Cross-file: see `tests/test_recall_for_benchmark.py` for the top-K
contract, and `tests/test_recall_core_unit.py` for the underlying
`_recall_core` shape and stage-internal behaviour.
"""
from __future__ import annotations

from datetime import datetime, timezone
from uuid import uuid4

import pytest

from iai_mcp.community import CommunityAssignment
from iai_mcp.graph import MemoryGraph
from iai_mcp.store import MemoryStore
from iai_mcp.types import EMBED_DIM, MemoryRecord, RecallResponse


# ------------------------------------------------------------ test fixtures


class _FakeEmbedder:
    """Stand-in embedder. The cue's embedding is configurable per-test."""

    DIM = EMBED_DIM

    def __init__(self, vec: list[float] | None = None) -> None:
        self._vec = vec if vec is not None else [1.0] + [0.0] * (EMBED_DIM - 1)

    def embed(self, text: str) -> list[float]:
        return list(self._vec)

    def embed_batch(self, texts: list[str]) -> list[list[float]]:
        return [list(self._vec) for _ in texts]


def _make(
    vec: list[float], text: str = "rec", aaak: str = "", tier: str = "episodic",
) -> MemoryRecord:
    now = datetime.now(timezone.utc)
    return MemoryRecord(
        id=uuid4(),
        tier=tier,
        literal_surface=text,
        aaak_index=aaak,
        embedding=vec,
        community_id=None,
        centrality=0.0,
        detail_level=2,
        pinned=False,
        stability=0.0,
        difficulty=0.0,
        last_reviewed=None,
        never_decay=False,
        never_merge=False,
        provenance=[],
        created_at=now,
        updated_at=now,
        tags=[],
        language="en",
    )


def _build_store_and_graph(
    tmp_path, n: int, surface_len: int = 4,
) -> tuple[MemoryStore, MemoryGraph, list[MemoryRecord]]:
    """Build N records with primary-axis distinct embeddings + matching graph.

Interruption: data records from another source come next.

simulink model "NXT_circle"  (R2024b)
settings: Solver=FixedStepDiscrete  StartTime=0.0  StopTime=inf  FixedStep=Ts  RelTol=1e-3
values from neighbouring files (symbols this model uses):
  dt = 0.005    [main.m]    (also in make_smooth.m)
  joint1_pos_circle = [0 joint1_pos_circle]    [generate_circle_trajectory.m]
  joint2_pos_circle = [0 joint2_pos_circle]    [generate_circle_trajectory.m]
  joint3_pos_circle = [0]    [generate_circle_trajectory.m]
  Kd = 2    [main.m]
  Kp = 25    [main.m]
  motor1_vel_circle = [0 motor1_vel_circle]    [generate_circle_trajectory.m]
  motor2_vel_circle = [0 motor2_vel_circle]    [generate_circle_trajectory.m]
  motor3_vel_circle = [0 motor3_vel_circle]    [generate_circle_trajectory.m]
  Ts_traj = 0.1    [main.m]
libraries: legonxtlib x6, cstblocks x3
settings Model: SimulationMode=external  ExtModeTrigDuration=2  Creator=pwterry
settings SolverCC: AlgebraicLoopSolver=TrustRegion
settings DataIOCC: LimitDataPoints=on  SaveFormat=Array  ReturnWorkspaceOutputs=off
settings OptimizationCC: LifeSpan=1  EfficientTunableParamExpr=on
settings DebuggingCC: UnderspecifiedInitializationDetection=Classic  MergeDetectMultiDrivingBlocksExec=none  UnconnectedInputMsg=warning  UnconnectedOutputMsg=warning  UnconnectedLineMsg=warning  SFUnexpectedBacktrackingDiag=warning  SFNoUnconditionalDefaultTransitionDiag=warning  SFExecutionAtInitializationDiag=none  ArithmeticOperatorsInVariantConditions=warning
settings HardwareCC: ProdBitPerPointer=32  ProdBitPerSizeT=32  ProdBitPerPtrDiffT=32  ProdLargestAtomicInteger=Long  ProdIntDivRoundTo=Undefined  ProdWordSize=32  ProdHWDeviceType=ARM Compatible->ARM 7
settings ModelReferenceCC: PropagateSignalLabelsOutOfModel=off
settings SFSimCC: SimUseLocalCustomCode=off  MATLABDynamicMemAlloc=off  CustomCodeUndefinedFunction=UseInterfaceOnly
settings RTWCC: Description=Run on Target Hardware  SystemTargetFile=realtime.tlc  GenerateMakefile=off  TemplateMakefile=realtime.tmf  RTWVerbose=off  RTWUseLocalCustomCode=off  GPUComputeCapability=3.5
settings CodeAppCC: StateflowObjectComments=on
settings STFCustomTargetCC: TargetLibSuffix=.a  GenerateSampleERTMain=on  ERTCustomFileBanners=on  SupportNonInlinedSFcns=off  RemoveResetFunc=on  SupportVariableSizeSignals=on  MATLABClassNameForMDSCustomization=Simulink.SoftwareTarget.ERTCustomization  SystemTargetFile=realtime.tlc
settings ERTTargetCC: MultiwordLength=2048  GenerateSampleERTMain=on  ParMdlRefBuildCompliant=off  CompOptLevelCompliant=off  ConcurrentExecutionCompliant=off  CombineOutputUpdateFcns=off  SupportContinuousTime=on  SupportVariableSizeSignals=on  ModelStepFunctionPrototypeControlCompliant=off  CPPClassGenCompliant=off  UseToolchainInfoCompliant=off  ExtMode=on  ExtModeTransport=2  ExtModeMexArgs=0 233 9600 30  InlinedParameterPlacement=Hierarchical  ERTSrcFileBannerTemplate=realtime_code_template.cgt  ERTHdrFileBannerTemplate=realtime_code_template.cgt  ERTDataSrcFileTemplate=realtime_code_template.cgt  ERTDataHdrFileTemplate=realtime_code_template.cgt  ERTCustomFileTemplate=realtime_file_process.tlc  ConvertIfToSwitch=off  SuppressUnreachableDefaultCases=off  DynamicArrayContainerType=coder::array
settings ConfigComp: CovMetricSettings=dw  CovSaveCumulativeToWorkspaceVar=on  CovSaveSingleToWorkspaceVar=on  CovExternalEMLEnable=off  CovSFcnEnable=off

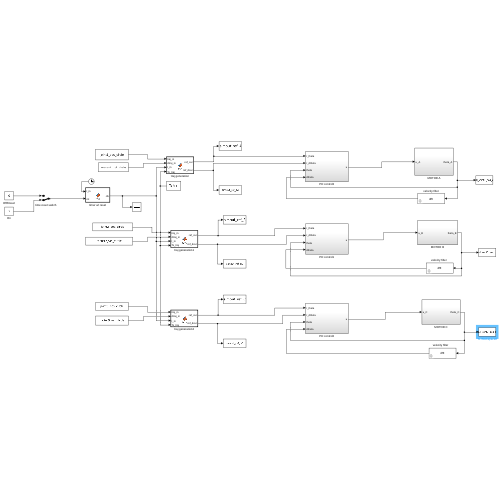
[thumbnail: Simulink's stored preview of the top-level diagram]
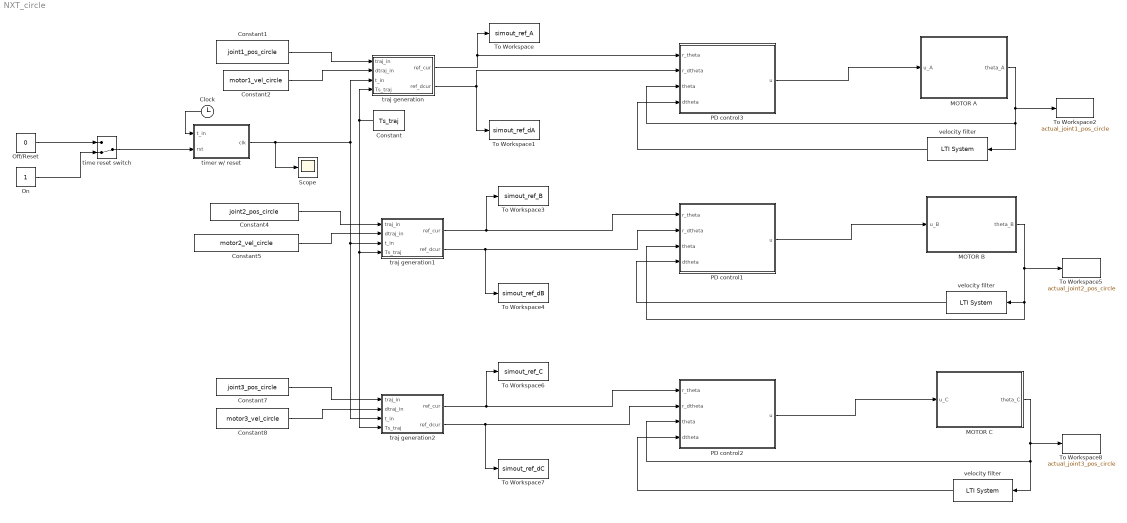
== system NXT_circle ==
  Clock : Clock
  Constant : Constant  Value=Ts_traj
  Constant1 : Constant  Value=joint1_pos_circle  SampleTime=dt
  Constant2 : Constant  Value=motor1_vel_circle  SampleTime=dt
  Constant4 : Constant  Value=joint2_pos_circle  SampleTime=dt
  Constant5 : Constant  Value=motor2_vel_circle  SampleTime=dt
  Constant7 : Constant  Value=joint3_pos_circle  SampleTime=dt
  Constant8 : Constant  Value=motor3_vel_circle  SampleTime=dt
  MOTOR A : Subsystem
  MOTOR B : Subsystem
  MOTOR C : Subsystem
  Off/Reset : Constant  Value=0
  On : Constant
  PD control1 : Subsystem
  PD control2 : Subsystem
  PD control3 : Subsystem
  Scope : Scope
  To Workspace : ToWorkspace  VariableName=simout_ref_A  SaveFormat=Structure With Time  SampleTime=-1
  To Workspace1 : ToWorkspace  VariableName=simout_ref_dA  SaveFormat=Structure With Time  SampleTime=-1
  To Workspace2 : ToWorkspace  VariableName=actual_joint1_pos_circle  SaveFormat=Structure With Time  SampleTime=dt
  To Workspace3 : ToWorkspace  VariableName=simout_ref_B  SaveFormat=Structure With Time  SampleTime=-1
  To Workspace4 : ToWorkspace  VariableName=simout_ref_dB  SaveFormat=Structure With Time  SampleTime=-1
  To Workspace5 : ToWorkspace  VariableName=actual_joint2_pos_circle  SaveFormat=Structure With Time  SampleTime=dt
  To Workspace6 : ToWorkspace  VariableName=simout_ref_C  SaveFormat=Structure With Time  SampleTime=-1
  To Workspace7 : ToWorkspace  VariableName=simout_ref_dC  SaveFormat=Structure With Time  SampleTime=-1
  To Workspace8 : ToWorkspace  VariableName=actual_joint3_pos_circle  SaveFormat=Structure With Time  SampleTime=dt
  time reset switch : ManualSwitch  CurrentSetting=0
  timer w/ reset : MATLAB Function  TreatAsAtomicUnit=on
  traj generation : MATLAB Function  TreatAsAtomicUnit=on
  traj generation1 : MATLAB Function  TreatAsAtomicUnit=on
  traj generation2 : MATLAB Function  TreatAsAtomicUnit=on
  velocity filter : cstblocks/LTI System  sys=dfft  IC=[]  PadeOrder=0
  "velocity filter  " : cstblocks/LTI System  sys=dfft  IC=[]  PadeOrder=0
  "velocity filter     " : cstblocks/LTI System  sys=dfft  IC=[]  PadeOrder=0
  wires:
  Constant/1 -> traj generation2/4(Ts_traj), traj generation1/4(Ts_traj), traj generation/4(Ts_traj)
  timer w/ reset/1(clk) -> Scope/1, traj generation1/3(t_in), traj generation2/3(t_in), traj generation/3(t_in)
  Constant1/1 -> traj generation/1(traj_in)
  Constant2/1 -> traj generation/2(dtraj_in)
  traj generation/1(ref_cur) -> PD control3/1(r_theta), To Workspace/1
  traj generation/2(ref_dcur) -> PD control3/2(r_dtheta), To Workspace1/1
  Constant4/1 -> traj generation1/1(traj_in)
  Constant5/1 -> traj generation1/2(dtraj_in)
  traj generation1/1(ref_cur) -> PD control1/1(r_theta), To Workspace3/1
  traj generation1/2(ref_dcur) -> PD control1/2(r_dtheta), To Workspace4/1
  Constant7/1 -> traj generation2/1(traj_in)
  Constant8/1 -> traj generation2/2(dtraj_in)
  traj generation2/1(ref_cur) -> PD control2/1(r_theta), To Workspace6/1
  traj generation2/2(ref_dcur) -> PD control2/2(r_dtheta), To Workspace7/1
  MOTOR A/1(theta_A) -> To Workspace2/1, PD control3/3(theta), velocity filter/1
  velocity filter/1 -> PD control3/4(dtheta)
  MOTOR B/1(theta_B) -> To Workspace5/1, PD control1/3(theta), "velocity filter  "/1
  "velocity filter  "/1 -> PD control1/4(dtheta)
  "velocity filter     "/1 -> PD control2/4(dtheta)
  MOTOR C/1(theta_C) -> To Workspace8/1, PD control2/3(theta), "velocity filter     "/1
  Off/Reset/1 -> time reset switch/1
  On/1 -> time reset switch/2
  time reset switch/1 -> timer w/ reset/2(rst)
  Clock/1 -> timer w/ reset/1(t_in)
  PD control3/1(u) -> MOTOR A/1(u_A)
  PD control1/1(u) -> MOTOR B/1(u_B)
  PD control2/1(u) -> MOTOR C/1(u_C)

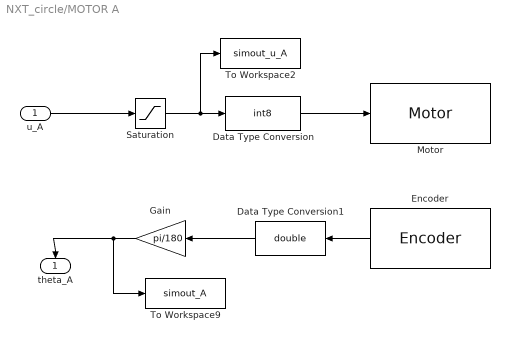
== system NXT_circle/MOTOR A ==
  u_A : Inport
  Data Type Conversion : DataTypeConversion  OutDataTypeStr=int8  SaturateOnIntegerOverflow=off  RndMeth=Floor
  Data Type Conversion1 : DataTypeConversion  OutDataTypeStr=double  SaturateOnIntegerOverflow=off  RndMeth=Floor
  Encoder : legonxtlib/Encoder  portNumber=A  opMode=No reset  sampleTime=Ts
  Gain : Gain  Gain=pi/180
  Motor : legonxtlib/Motor  sportNumber=A  sstopAction=Brake
  Saturation : Saturate  UpperLimit=100  LowerLimit=-100
  To Workspace2 : ToWorkspace  VariableName=simout_u_A  SaveFormat=Structure With Time  SampleTime=-1
  To Workspace9 : ToWorkspace  VariableName=simout_A  SaveFormat=Structure With Time  SampleTime=-1
  theta_A : Outport
  wires:
  u_A/1 -> Saturation/1
  Data Type Conversion1/1 -> Gain/1
  Saturation/1 -> To Workspace2/1, Data Type Conversion/1
  Encoder/1 -> Data Type Conversion1/1
  Data Type Conversion/1 -> Motor/1
  Gain/1 -> theta_A/1, To Workspace9/1

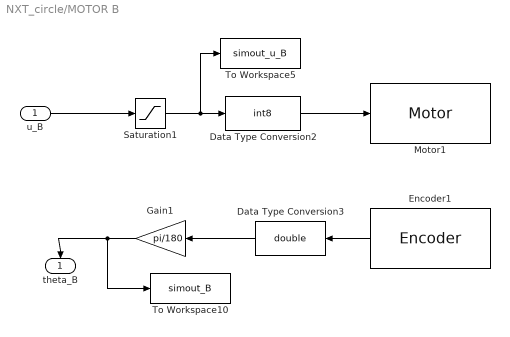
== system NXT_circle/MOTOR B ==
  u_B : Inport
  Data Type Conversion2 : DataTypeConversion  OutDataTypeStr=int8  SaturateOnIntegerOverflow=off  RndMeth=Floor
  Data Type Conversion3 : DataTypeConversion  OutDataTypeStr=double  SaturateOnIntegerOverflow=off  RndMeth=Floor
  Encoder1 : legonxtlib/Encoder  portNumber=B  opMode=No reset  sampleTime=Ts
  Gain1 : Gain  Gain=pi/180
  Motor1 : legonxtlib/Motor  sportNumber=B  sstopAction=Brake
  Saturation1 : Saturate  UpperLimit=100  LowerLimit=-100
  To Workspace10 : ToWorkspace  VariableName=simout_B  SaveFormat=Structure With Time  SampleTime=-1
  To Workspace5 : ToWorkspace  VariableName=simout_u_B  SaveFormat=Structure With Time  SampleTime=-1
  theta_B : Outport
  wires:
  Encoder1/1 -> Data Type Conversion3/1
  u_B/1 -> Saturation1/1
  Saturation1/1 -> To Workspace5/1, Data Type Conversion2/1
  Data Type Conversion3/1 -> Gain1/1
  Data Type Conversion2/1 -> Motor1/1
  Gain1/1 -> theta_B/1, To Workspace10/1

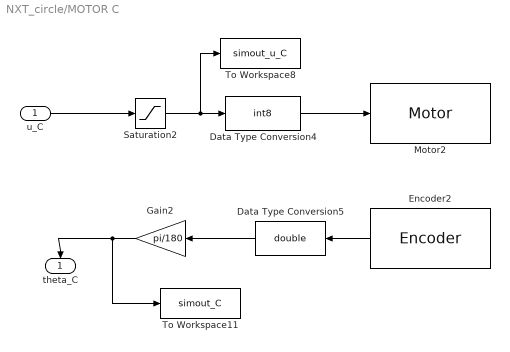
== system NXT_circle/MOTOR C ==
  u_C : Inport
  Data Type Conversion4 : DataTypeConversion  OutDataTypeStr=int8  SaturateOnIntegerOverflow=off  RndMeth=Floor
  Data Type Conversion5 : DataTypeConversion  OutDataTypeStr=double  SaturateOnIntegerOverflow=off  RndMeth=Floor
  Encoder2 : legonxtlib/Encoder  portNumber=C  opMode=No reset  sampleTime=Ts
  Gain2 : Gain  Gain=pi/180
  Motor2 : legonxtlib/Motor  sportNumber=C  sstopAction=Brake
  Saturation2 : Saturate  UpperLimit=100  LowerLimit=-100
  To Workspace11 : ToWorkspace  VariableName=simout_C  SaveFormat=Structure With Time  SampleTime=-1
  To Workspace8 : ToWorkspace  VariableName=simout_u_C  SaveFormat=Structure With Time  SampleTime=-1
  theta_C : Outport
  wires:
  Encoder2/1 -> Data Type Conversion5/1
  Data Type Conversion4/1 -> Motor2/1
  Data Type Conversion5/1 -> Gain2/1
  Gain2/1 -> theta_C/1, To Workspace11/1
  Saturation2/1 -> To Workspace8/1, Data Type Conversion4/1
  u_C/1 -> Saturation2/1

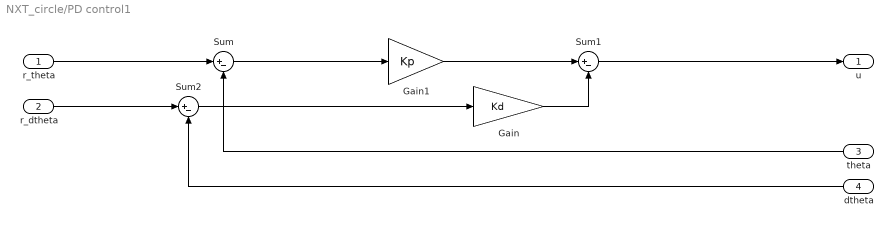
== system NXT_circle/PD control1 ==
  r_theta : Inport
  r_dtheta : Inport  Port=2
  theta : Inport  Port=3
  dtheta : Inport  Port=4
  Gain : Gain  Gain=Kd  SampleTime=dt
  Gain1 : Gain  Gain=Kp  SampleTime=dt
  Sum : Sum  Inputs=|+-
  Sum1 : Sum  Inputs=|+-
  Sum2 : Sum  Inputs=|+-
  u : Outport
  wires:
  r_theta/1 -> Sum/1
  Sum/1 -> Gain1/1
  theta/1 -> Sum/2
  dtheta/1 -> Sum2/2
  Gain1/1 -> Sum1/1
  Sum1/1 -> u/1
  r_dtheta/1 -> Sum2/1
  Sum2/1 -> Gain/1
  Gain/1 -> Sum1/2

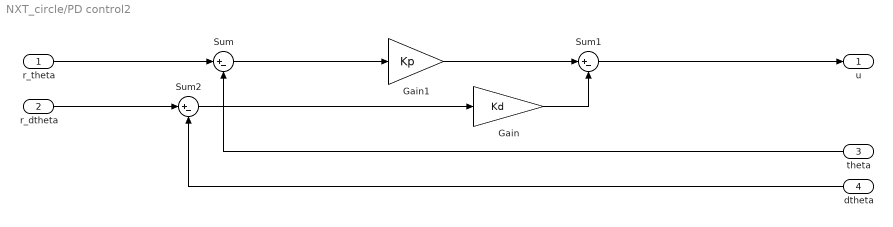
== system NXT_circle/PD control2 ==
  r_theta : Inport
  r_dtheta : Inport  Port=2
  theta : Inport  Port=3
  dtheta : Inport  Port=4
  Gain : Gain  Gain=Kd  SampleTime=dt
  Gain1 : Gain  Gain=Kp  SampleTime=dt
  Sum : Sum  Inputs=|+-
  Sum1 : Sum  Inputs=|+-
  Sum2 : Sum  Inputs=|+-
  u : Outport
  wires:
  r_theta/1 -> Sum/1
  Sum/1 -> Gain1/1
  theta/1 -> Sum/2
  dtheta/1 -> Sum2/2
  Gain1/1 -> Sum1/1
  Sum1/1 -> u/1
  r_dtheta/1 -> Sum2/1
  Sum2/1 -> Gain/1
  Gain/1 -> Sum1/2

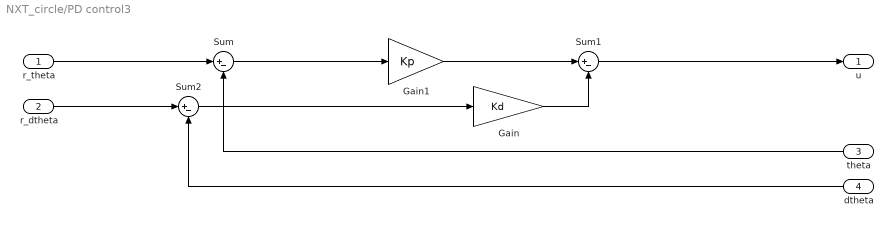
== system NXT_circle/PD control3 ==
  r_theta : Inport
  r_dtheta : Inport  Port=2
  theta : Inport  Port=3
  dtheta : Inport  Port=4
  Gain : Gain  Gain=Kd  SampleTime=dt
  Gain1 : Gain  Gain=Kp  SampleTime=dt
  Sum : Sum  Inputs=|+-
  Sum1 : Sum  Inputs=|+-
  Sum2 : Sum  Inputs=|+-
  u : Outport
  wires:
  r_theta/1 -> Sum/1
  Sum/1 -> Gain1/1
  theta/1 -> Sum/2
  dtheta/1 -> Sum2/2
  Gain1/1 -> Sum1/1
  Sum1/1 -> u/1
  r_dtheta/1 -> Sum2/1
  Sum2/1 -> Gain/1
  Gain/1 -> Sum1/2

== matlab function NXT_circle/traj generation1 ==
  data: traj_in input; dtraj_in input; ref_cur output; t_in input; Ts_traj input; ref_dcur output
function [ref_cur, ref_dcur] = fcn(traj_in, dtraj_in, t_in, Ts_traj)
t_offset = 1;   %amt of seconds to wait before starting traj

base_numPts_per_sec = length(traj_in)/(Ts_traj*length(traj_in));
scaleFactor = 1; %Time scaling factor (# of trajectory points per second multiplier)
%Tweaking this will speed-up or slow-down the playback of traj, allowing
%for some control over resolution.
scaling = scaleFactor*base_numPts_per_sec; 
t_cur = t_in-t_offset;
time = max(t_cur,0);
%Compute the current index in the trajectory array
index_fraction = scaling*time + 1;
index = floor(index_fraction);
frac_add = index_fraction - index; % additional amount "beyond" index
%Extract the current position from the trajectory (plus interp)
if (index < length(traj_in))
    
    theta_out = (1-frac_add)*double(traj_in(index)) + ...
        frac_add*double(traj_in(index+1));
    
    dtheta_out = (1-frac_add)*double(dtraj_in(index)) + ...
        frac_add*double(dtraj_in(index+1));
    
else %If we run out of data, continue outputting the last value
    theta_out = double(traj_in(length(traj_in)));
    dtheta_out = double(dtraj_in(length(dtraj_in)));
end
ref_cur = theta_out;
ref_dcur = dtheta_out;




end

== matlab function NXT_circle/traj generation2 ==
  data: traj_in input; dtraj_in input; ref_cur output; t_in input; Ts_traj input; ref_dcur output
function [ref_cur, ref_dcur] = fcn(traj_in, dtraj_in, t_in, Ts_traj)
t_offset = 1;   %amt of seconds to wait before starting traj

base_numPts_per_sec = length(traj_in)/(Ts_traj*length(traj_in));
scaleFactor = 1; %Time scaling factor (# of trajectory points per second multiplier)
%Tweaking this will speed-up or slow-down the playback of traj, allowing
%for some control over resolution.
scaling = scaleFactor*base_numPts_per_sec; 
t_cur = t_in-t_offset;
time = max(t_cur,0);
%Compute the current index in the trajectory array
index_fraction = scaling*time + 1;
index = floor(index_fraction);
frac_add = index_fraction - index; % additional amount "beyond" index
%Extract the current position from the trajectory (plus interp)
if (index < length(traj_in))
    
    theta_out = (1-frac_add)*double(traj_in(index)) + ...
        frac_add*double(traj_in(index+1));
    
    dtheta_out = (1-frac_add)*double(dtraj_in(index)) + ...
        frac_add*double(dtraj_in(index+1));
    
else %If we run out of data, continue outputting the last value
    theta_out = double(traj_in(length(traj_in)));
    dtheta_out = double(dtraj_in(length(dtraj_in)));
end
ref_cur = theta_out;
ref_dcur = dtheta_out;




end

== matlab function NXT_circle/timer w// reset ==
  data: t_in input; clk output; rst input
function clk = fcn(t_in, rst)
persistent t_off last_rst
if isempty(t_off)
    t_off = 0;
end
if isempty(last_rst)
    last_rst = 0;
end

%if rest switch was pressed, use current time as t_offset
if abs(rst - last_rst) ~= 0
   t_off = t_in;    
end

if rst == 0
    clk = 0;    %force time to wait if reset is on
else
    clk = t_in - t_off; %output clock
end
last_rst = rst;     %update reset var

== matlab function NXT_circle/traj generation ==
  data: traj_in input; dtraj_in input; ref_cur output; t_in input; Ts_traj input; ref_dcur output
function [ref_cur, ref_dcur] = fcn(traj_in, dtraj_in, t_in, Ts_traj)
t_offset = 1;   %amt of seconds to wait before starting traj

base_numPts_per_sec = length(traj_in)/(Ts_traj*length(traj_in));
scaleFactor = 1; %Time scaling factor (# of trajectory points per second multiplier)
%Tweaking this will speed-up or slow-down the playback of traj, allowing
%for some control over resolution.
scaling = scaleFactor*base_numPts_per_sec; 
t_cur = t_in-t_offset;
time = max(t_cur,0);
%Compute the current index in the trajectory array
index_fraction = scaling*time + 1;
index = floor(index_fraction);
frac_add = index_fraction - index; % additional amount "beyond" index
%Extract the current position from the trajectory (plus interp)
if (index < length(traj_in))
    
    theta_out = (1-frac_add)*double(traj_in(index)) + ...
        frac_add*double(traj_in(index+1));
    
    dtheta_out = (1-frac_add)*double(dtraj_in(index)) + ...
        frac_add*double(dtraj_in(index+1));
    
else %If we run out of data, continue outputting the last value
    theta_out = double(traj_in(length(traj_in)));
    dtheta_out = double(dtraj_in(length(dtraj_in)));
end
ref_cur = theta_out;
ref_dcur = dtheta_out;




end

    Each record's literal_surface has `surface_len` characters so the
    per-hit token estimate is `surface_len // 4`. Tune `surface_len` to
    control budget-pack behaviour deterministically.
    """
    store = MemoryStore(path=tmp_path / "lancedb")
    recs: list[MemoryRecord] = []
    for i in range(n):
        vec = [0.0] * EMBED_DIM
        vec[i % EMBED_DIM] = 1.0
        text = "x" * surface_len
        rec = _make(vec, text=text)
        store.insert(rec)
        recs.append(rec)
    graph = MemoryGraph()
    for rec in recs:
        graph.add_node(
            rec.id, community_id=None, embedding=list(rec.embedding),
        )
        graph._nx.nodes[str(rec.id)].update({
            "embedding": list(rec.embedding),
            "surface": rec.literal_surface,
            "centrality": 0.0,
            "tier": rec.tier,
            "tags": [],
            "language": "en",
        })
    return store, graph, recs


def _flat_assignment(recs: list[MemoryRecord]) -> CommunityAssignment:
    """Single flat community covering all records (healthy graph baseline)."""
    cid = uuid4()
    centroid = [1.0] + [0.0] * (EMBED_DIM - 1)
    return CommunityAssignment(
        node_to_community={r.id: cid for r in recs},
        community_centroids={cid: centroid},
        modularity=0.0,
        backend="flat",
        top_communities=[cid],
        mid_regions={cid: [r.id for r in recs]},
    )


# -------------------------------------------------- contract / signature tests


def test_recall_for_response_no_k_hits_param(tmp_path) -> None:
    """Test 1: calling with `k_hits=10` raises TypeError.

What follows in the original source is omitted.